I'm not sure on the technicalities of it but I don't think any areas would be seriously disadvantaged. IF there was any disadvantage, it would perhaps even things out and close the regional disparity. But I don't think more prosperous parts of Wales that are already economically growing would lose out at all.
Competition with those countries depends on what services Wales offers, we still have an English-speaking, well educated workforce so for innovative things we'll do well. 

Countries in the EU have already used this policy. Any country can lower corporation tax whenever it wants.

Plaid councillors overall do a great job thank you very much, we're always working with hands tied behind backs and on pitiful revenues.


----------



## neprimerimye (Oct 7, 2006)

lewislewis said:
			
		

> I'm not sure on the technicalities of it but I don't think any areas would be seriously disadvantaged. IF there was any disadvantage, it would perhaps even things out and close the regional disparity.

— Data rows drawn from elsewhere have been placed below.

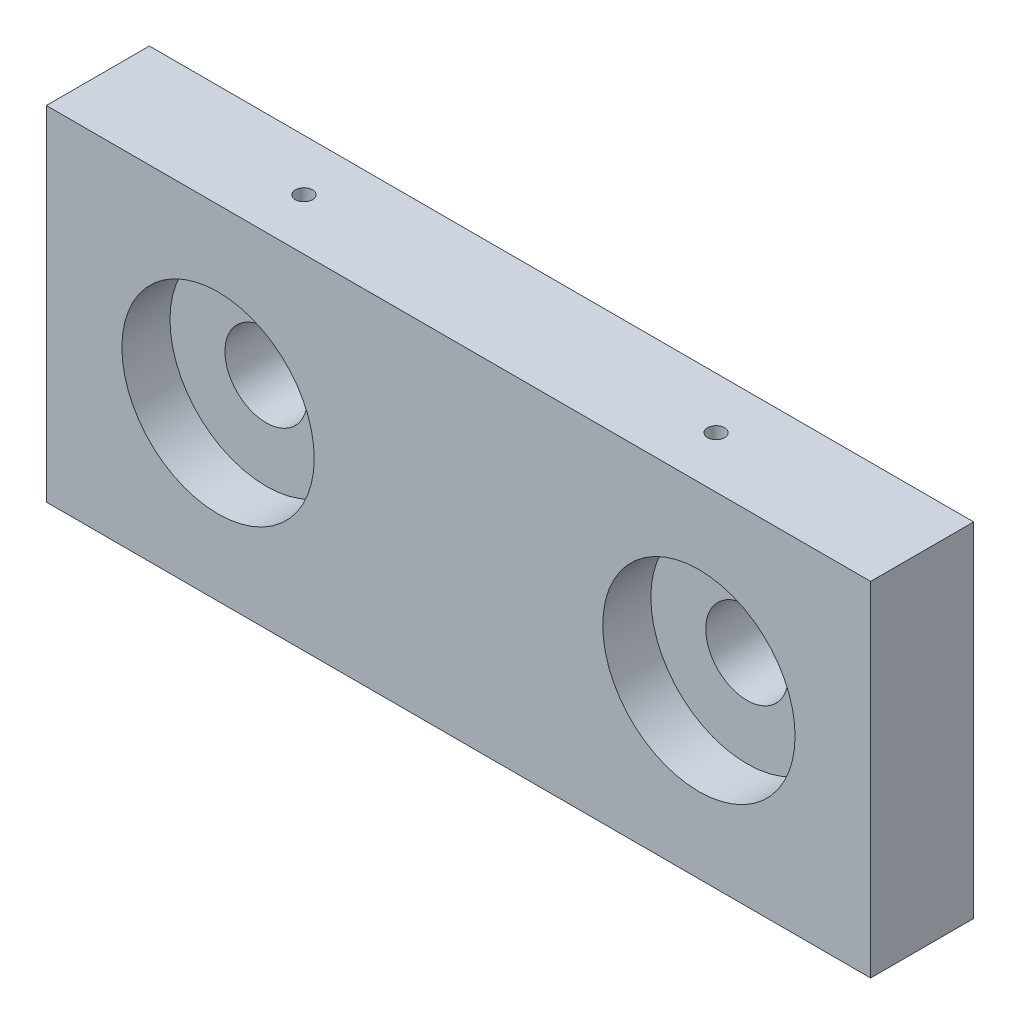
ISO-10303-21;
HEADER;
FILE_DESCRIPTION(('STEP AP214'),'2;1');
FILE_NAME('part.step','',(''),(''),'','','');
FILE_SCHEMA(('AUTOMOTIVE_DESIGN { 1 0 10303 214 1 1 1 1 }'));
ENDSEC;
DATA;
#1=APPLICATION_CONTEXT('core data for automotive mechanical design processes');
#2=APPLICATION_PROTOCOL_DEFINITION('international standard','automotive_design',2000,#1);
#3=PRODUCT_CONTEXT('',#1,'mechanical');
#4=PRODUCT('Part','Part','',(#3));
#5=PRODUCT_RELATED_PRODUCT_CATEGORY('part','',(#4));
#6=PRODUCT_DEFINITION_FORMATION('','',#4);
#7=PRODUCT_DEFINITION_CONTEXT('part definition',#1,'design');
#8=PRODUCT_DEFINITION('design','',#6,#7);
#9=PRODUCT_DEFINITION_SHAPE('','',#8);
#10=(LENGTH_UNIT() NAMED_UNIT(*) SI_UNIT(.MILLI.,.METRE.));
#11=(NAMED_UNIT(*) PLANE_ANGLE_UNIT() SI_UNIT($,.RADIAN.));
#12=(NAMED_UNIT(*) SI_UNIT($,.STERADIAN.) SOLID_ANGLE_UNIT());
#13=UNCERTAINTY_MEASURE_WITH_UNIT(LENGTH_MEASURE(1.E-05),#10,'distance_accuracy_value','');
#14=(GEOMETRIC_REPRESENTATION_CONTEXT(3) GLOBAL_UNCERTAINTY_ASSIGNED_CONTEXT((#13)) GLOBAL_UNIT_ASSIGNED_CONTEXT((#10,
#11,#12)) REPRESENTATION_CONTEXT('',''));
#15=CARTESIAN_POINT('',(0.,0.,0.));
#16=DIRECTION('',(0.,0.,1.));
#17=DIRECTION('',(1.,0.,0.));
#18=AXIS2_PLACEMENT_3D('',#15,#16,#17);
#19=CARTESIAN_POINT('',(-35.,0.,-0.000999999999999265));
#20=DIRECTION('',(0.,0.,1.));
#21=DIRECTION('',(1.,0.,0.));
#22=AXIS2_PLACEMENT_3D('',#19,#20,#21);
#23=CYLINDRICAL_SURFACE('',#22,6.);
#24=CARTESIAN_POINT('',(-35.,0.,0.));
#25=DIRECTION('',(0.,0.,-1.));
#26=DIRECTION('',(-1.,0.,0.));
#27=AXIS2_PLACEMENT_3D('',#24,#25,#26);
#28=CIRCLE('',#27,6.);
#29=CARTESIAN_POINT('',(-29.,0.,0.));
#30=VERTEX_POINT('',#29);
#31=EDGE_CURVE('E137',#30,#30,#28,.F.);
#32=CARTESIAN_POINT('',(-35.,0.,8.));
#33=DIRECTION('',(0.,0.,1.));
#34=DIRECTION('',(1.,0.,0.));
#35=AXIS2_PLACEMENT_3D('',#32,#33,#34);
#36=CIRCLE('',#35,6.);
#37=CARTESIAN_POINT('',(-29.,0.,8.));
#38=VERTEX_POINT('',#37);
#39=EDGE_CURVE('E41',#38,#38,#36,.F.);
#40=CARTESIAN_POINT('',(-29.,0.,0.));
#41=CARTESIAN_POINT('',(-29.,0.,0.0833333333333333));
#42=CARTESIAN_POINT('',(-29.,0.,0.166666666666667));
#43=CARTESIAN_POINT('',(-29.,0.,0.333333333333333));
#44=CARTESIAN_POINT('',(-29.,0.,0.416666666666667));
#45=CARTESIAN_POINT('',(-29.,0.,0.583333333333333));
#46=CARTESIAN_POINT('',(-29.,0.,0.666666666666667));
#47=CARTESIAN_POINT('',(-29.,0.,0.833333333333333));
#48=CARTESIAN_POINT('',(-29.,0.,0.916666666666667));
#49=CARTESIAN_POINT('',(-29.,0.,1.08333333333333));
#50=CARTESIAN_POINT('',(-29.,0.,1.16666666666667));
#51=CARTESIAN_POINT('',(-29.,0.,1.33333333333333));
#52=CARTESIAN_POINT('',(-29.,0.,1.41666666666667));
#53=CARTESIAN_POINT('',(-29.,0.,1.58333333333333));
#54=CARTESIAN_POINT('',(-29.,0.,1.66666666666667));
#55=CARTESIAN_POINT('',(-29.,0.,1.83333333333333));
#56=CARTESIAN_POINT('',(-29.,0.,1.91666666666667));
#57=CARTESIAN_POINT('',(-29.,0.,2.08333333333333));
#58=CARTESIAN_POINT('',(-29.,0.,2.16666666666667));
#59=CARTESIAN_POINT('',(-29.,0.,2.33333333333333));
#60=CARTESIAN_POINT('',(-29.,0.,2.41666666666667));
#61=CARTESIAN_POINT('',(-29.,0.,2.58333333333333));
#62=CARTESIAN_POINT('',(-29.,0.,2.66666666666667));
#63=CARTESIAN_POINT('',(-29.,0.,2.83333333333333));
#64=CARTESIAN_POINT('',(-29.,0.,2.91666666666667));
#65=CARTESIAN_POINT('',(-29.,0.,3.08333333333333));
#66=CARTESIAN_POINT('',(-29.,0.,3.16666666666667));
#67=CARTESIAN_POINT('',(-29.,0.,3.33333333333333));
#68=CARTESIAN_POINT('',(-29.,0.,3.41666666666667));
#69=CARTESIAN_POINT('',(-29.,0.,3.58333333333333));
#70=CARTESIAN_POINT('',(-29.,0.,3.66666666666667));
#71=CARTESIAN_POINT('',(-29.,0.,3.83333333333333));
#72=CARTESIAN_POINT('',(-29.,0.,3.91666666666667));
#73=CARTESIAN_POINT('',(-29.,0.,4.08333333333333));
#74=CARTESIAN_POINT('',(-29.,0.,4.16666666666667));
#75=CARTESIAN_POINT('',(-29.,0.,4.33333333333333));
#76=CARTESIAN_POINT('',(-29.,0.,4.41666666666667));
#77=CARTESIAN_POINT('',(-29.,0.,4.58333333333333));
#78=CARTESIAN_POINT('',(-29.,0.,4.66666666666667));
#79=CARTESIAN_POINT('',(-29.,0.,4.83333333333333));
#80=CARTESIAN_POINT('',(-29.,0.,4.91666666666667));
#81=CARTESIAN_POINT('',(-29.,0.,5.08333333333333));
#82=CARTESIAN_POINT('',(-29.,0.,5.16666666666667));
#83=CARTESIAN_POINT('',(-29.,0.,5.33333333333333));
#84=CARTESIAN_POINT('',(-29.,0.,5.41666666666667));
#85=CARTESIAN_POINT('',(-29.,0.,5.58333333333333));
#86=CARTESIAN_POINT('',(-29.,0.,5.66666666666667));
#87=CARTESIAN_POINT('',(-29.,0.,5.83333333333333));
#88=CARTESIAN_POINT('',(-29.,0.,5.91666666666667));
#89=CARTESIAN_POINT('',(-29.,0.,6.08333333333333));
#90=CARTESIAN_POINT('',(-29.,0.,6.16666666666667));
#91=CARTESIAN_POINT('',(-29.,0.,6.33333333333333));
#92=CARTESIAN_POINT('',(-29.,0.,6.41666666666667));
#93=CARTESIAN_POINT('',(-29.,0.,6.58333333333333));
#94=CARTESIAN_POINT('',(-29.,0.,6.66666666666667));
#95=CARTESIAN_POINT('',(-29.,0.,6.83333333333333));
#96=CARTESIAN_POINT('',(-29.,0.,6.91666666666667));
#97=CARTESIAN_POINT('',(-29.,0.,7.08333333333333));
#98=CARTESIAN_POINT('',(-29.,0.,7.16666666666667));
#99=CARTESIAN_POINT('',(-29.,0.,7.33333333333333));
#100=CARTESIAN_POINT('',(-29.,0.,7.41666666666667));
#101=CARTESIAN_POINT('',(-29.,0.,7.58333333333333));
#102=CARTESIAN_POINT('',(-29.,0.,7.66666666666667));
#103=CARTESIAN_POINT('',(-29.,0.,7.83333333333333));
#104=CARTESIAN_POINT('',(-29.,0.,7.91666666666667));
#105=CARTESIAN_POINT('',(-29.,0.,8.));
#106=B_SPLINE_CURVE_WITH_KNOTS('',3,(#40,#41,#42,#43,#44,#45,#46,#47,#48,#49,#50,#51,#52,#53,
#54,#55,#56,#57,#58,#59,#60,#61,#62,#63,#64,#65,#66,#67,#68,#69,#70,#71,#72,#73,#74,#75,#76,#77,
#78,#79,#80,#81,#82,#83,#84,#85,#86,#87,#88,#89,#90,#91,#92,#93,#94,#95,#96,#97,#98,#99,#100,
#101,#102,#103,#104,#105),.UNSPECIFIED.,.F.,.F.,(4,2,2,2,2,2,2,2,2,2,2,2,2,2,2,2,2,2,2,2,2,2,2,
2,2,2,2,2,2,2,2,2,4),(0.,0.25,0.5,0.75,1.,1.25,1.5,1.75,2.,2.25,2.5,2.75,3.,3.25,3.5,3.75,4.,
4.25,4.5,4.75,5.,5.25,5.5,5.75,6.,6.25,6.5,6.75,7.,7.25,7.5,7.75,8.),.UNSPECIFIED.);
#107=EDGE_CURVE('BSEAM37',#30,#38,#106,.T.);
#108=ORIENTED_EDGE('',*,*,#31,.F.);
#109=ORIENTED_EDGE('',*,*,#39,.F.);
#110=ORIENTED_EDGE('',*,*,#107,.T.);
#111=ORIENTED_EDGE('',*,*,#107,.F.);
#112=EDGE_LOOP('',(#108,#110,#109,#111));
#113=FACE_BOUND('',#112,.T.);
#114=ADVANCED_FACE('F37',(#113),#23,.F.);
#115=CARTESIAN_POINT('',(35.,0.,-0.000999999999999265));
#116=DIRECTION('',(0.,0.,1.));
#117=DIRECTION('',(1.,0.,0.));
#118=AXIS2_PLACEMENT_3D('',#115,#116,#117);
#119=CYLINDRICAL_SURFACE('',#118,6.);
#120=CARTESIAN_POINT('',(35.,0.,0.));
#121=DIRECTION('',(0.,0.,-1.));
#122=DIRECTION('',(-1.,0.,0.));
#123=AXIS2_PLACEMENT_3D('',#120,#121,#122);
#124=CIRCLE('',#123,6.);
#125=CARTESIAN_POINT('',(41.,0.,0.));
#126=VERTEX_POINT('',#125);
#127=EDGE_CURVE('E134',#126,#126,#124,.F.);
#128=CARTESIAN_POINT('',(35.,0.,8.));
#129=DIRECTION('',(0.,0.,1.));
#130=DIRECTION('',(1.,0.,0.));
#131=AXIS2_PLACEMENT_3D('',#128,#129,#130);
#132=CIRCLE('',#131,6.);
#133=CARTESIAN_POINT('',(41.,0.,8.));
#134=VERTEX_POINT('',#133);
#135=EDGE_CURVE('E157',#134,#134,#132,.F.);
#136=CARTESIAN_POINT('',(41.,0.,0.));
#137=CARTESIAN_POINT('',(41.,0.,0.0833333333333333));
#138=CARTESIAN_POINT('',(41.,0.,0.166666666666667));
#139=CARTESIAN_POINT('',(41.,0.,0.333333333333333));
#140=CARTESIAN_POINT('',(41.,0.,0.416666666666667));
#141=CARTESIAN_POINT('',(41.,0.,0.583333333333333));
#142=CARTESIAN_POINT('',(41.,0.,0.666666666666667));
#143=CARTESIAN_POINT('',(41.,0.,0.833333333333333));
#144=CARTESIAN_POINT('',(41.,0.,0.916666666666667));
#145=CARTESIAN_POINT('',(41.,0.,1.08333333333333));
#146=CARTESIAN_POINT('',(41.,0.,1.16666666666667));
#147=CARTESIAN_POINT('',(41.,0.,1.33333333333333));
#148=CARTESIAN_POINT('',(41.,0.,1.41666666666667));
#149=CARTESIAN_POINT('',(41.,0.,1.58333333333333));
#150=CARTESIAN_POINT('',(41.,0.,1.66666666666667));
#151=CARTESIAN_POINT('',(41.,0.,1.83333333333333));
#152=CARTESIAN_POINT('',(41.,0.,1.91666666666667));
#153=CARTESIAN_POINT('',(41.,0.,2.08333333333333));
#154=CARTESIAN_POINT('',(41.,0.,2.16666666666667));
#155=CARTESIAN_POINT('',(41.,0.,2.33333333333333));
#156=CARTESIAN_POINT('',(41.,0.,2.41666666666667));
#157=CARTESIAN_POINT('',(41.,0.,2.58333333333333));
#158=CARTESIAN_POINT('',(41.,0.,2.66666666666667));
#159=CARTESIAN_POINT('',(41.,0.,2.83333333333333));
#160=CARTESIAN_POINT('',(41.,0.,2.91666666666667));
#161=CARTESIAN_POINT('',(41.,0.,3.08333333333333));
#162=CARTESIAN_POINT('',(41.,0.,3.16666666666667));
#163=CARTESIAN_POINT('',(41.,0.,3.33333333333333));
#164=CARTESIAN_POINT('',(41.,0.,3.41666666666667));
#165=CARTESIAN_POINT('',(41.,0.,3.58333333333333));
#166=CARTESIAN_POINT('',(41.,0.,3.66666666666667));
#167=CARTESIAN_POINT('',(41.,0.,3.83333333333333));
#168=CARTESIAN_POINT('',(41.,0.,3.91666666666667));
#169=CARTESIAN_POINT('',(41.,0.,4.08333333333333));
#170=CARTESIAN_POINT('',(41.,0.,4.16666666666667));
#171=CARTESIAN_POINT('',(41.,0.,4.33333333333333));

But I don't think more prosperous parts of Wales that are already economically growing would lose out at all.
> Competition with those countries depends on what services Wales offers, we still have an English-speaking, well educated workforce so for innovative things we'll do well.
> 
> Countries in the EU have already used this policy. Any country can lower corporation tax whenever it wants.
> ...



Head in sand. Convergence.


----------



## kate44 (Oct 7, 2006)

i would like to big up adam price the plaid MP for caerfyrddin-(east) who started a campaign to impeach MR. ANTHONY BLAIR some time ago


----------



## neprimerimye (Oct 7, 2006)

kate44 said:
			
		

> i would like to big up adam price the plaid MP for caerfyrddin-(east) who started a campaign to impeach MR. ANTHONY BLAIR some time ago



Such a tactic being an effective method of demobilising the anti-war movement as it places the emphasis on parliamentary action. In other words it is a tactic that is opposed to the oly method of combating imperialist war namely workers struggle.


----------



## Udo Erasmus (Oct 12, 2006)

neprimerimye said:
			
		

> Such a tactic being an effective method of demobilising the anti-war movement as it places the emphasis on parliamentary action. In other words it is a tactic that is opposed to the oly method of combating imperialist war namely workers struggle.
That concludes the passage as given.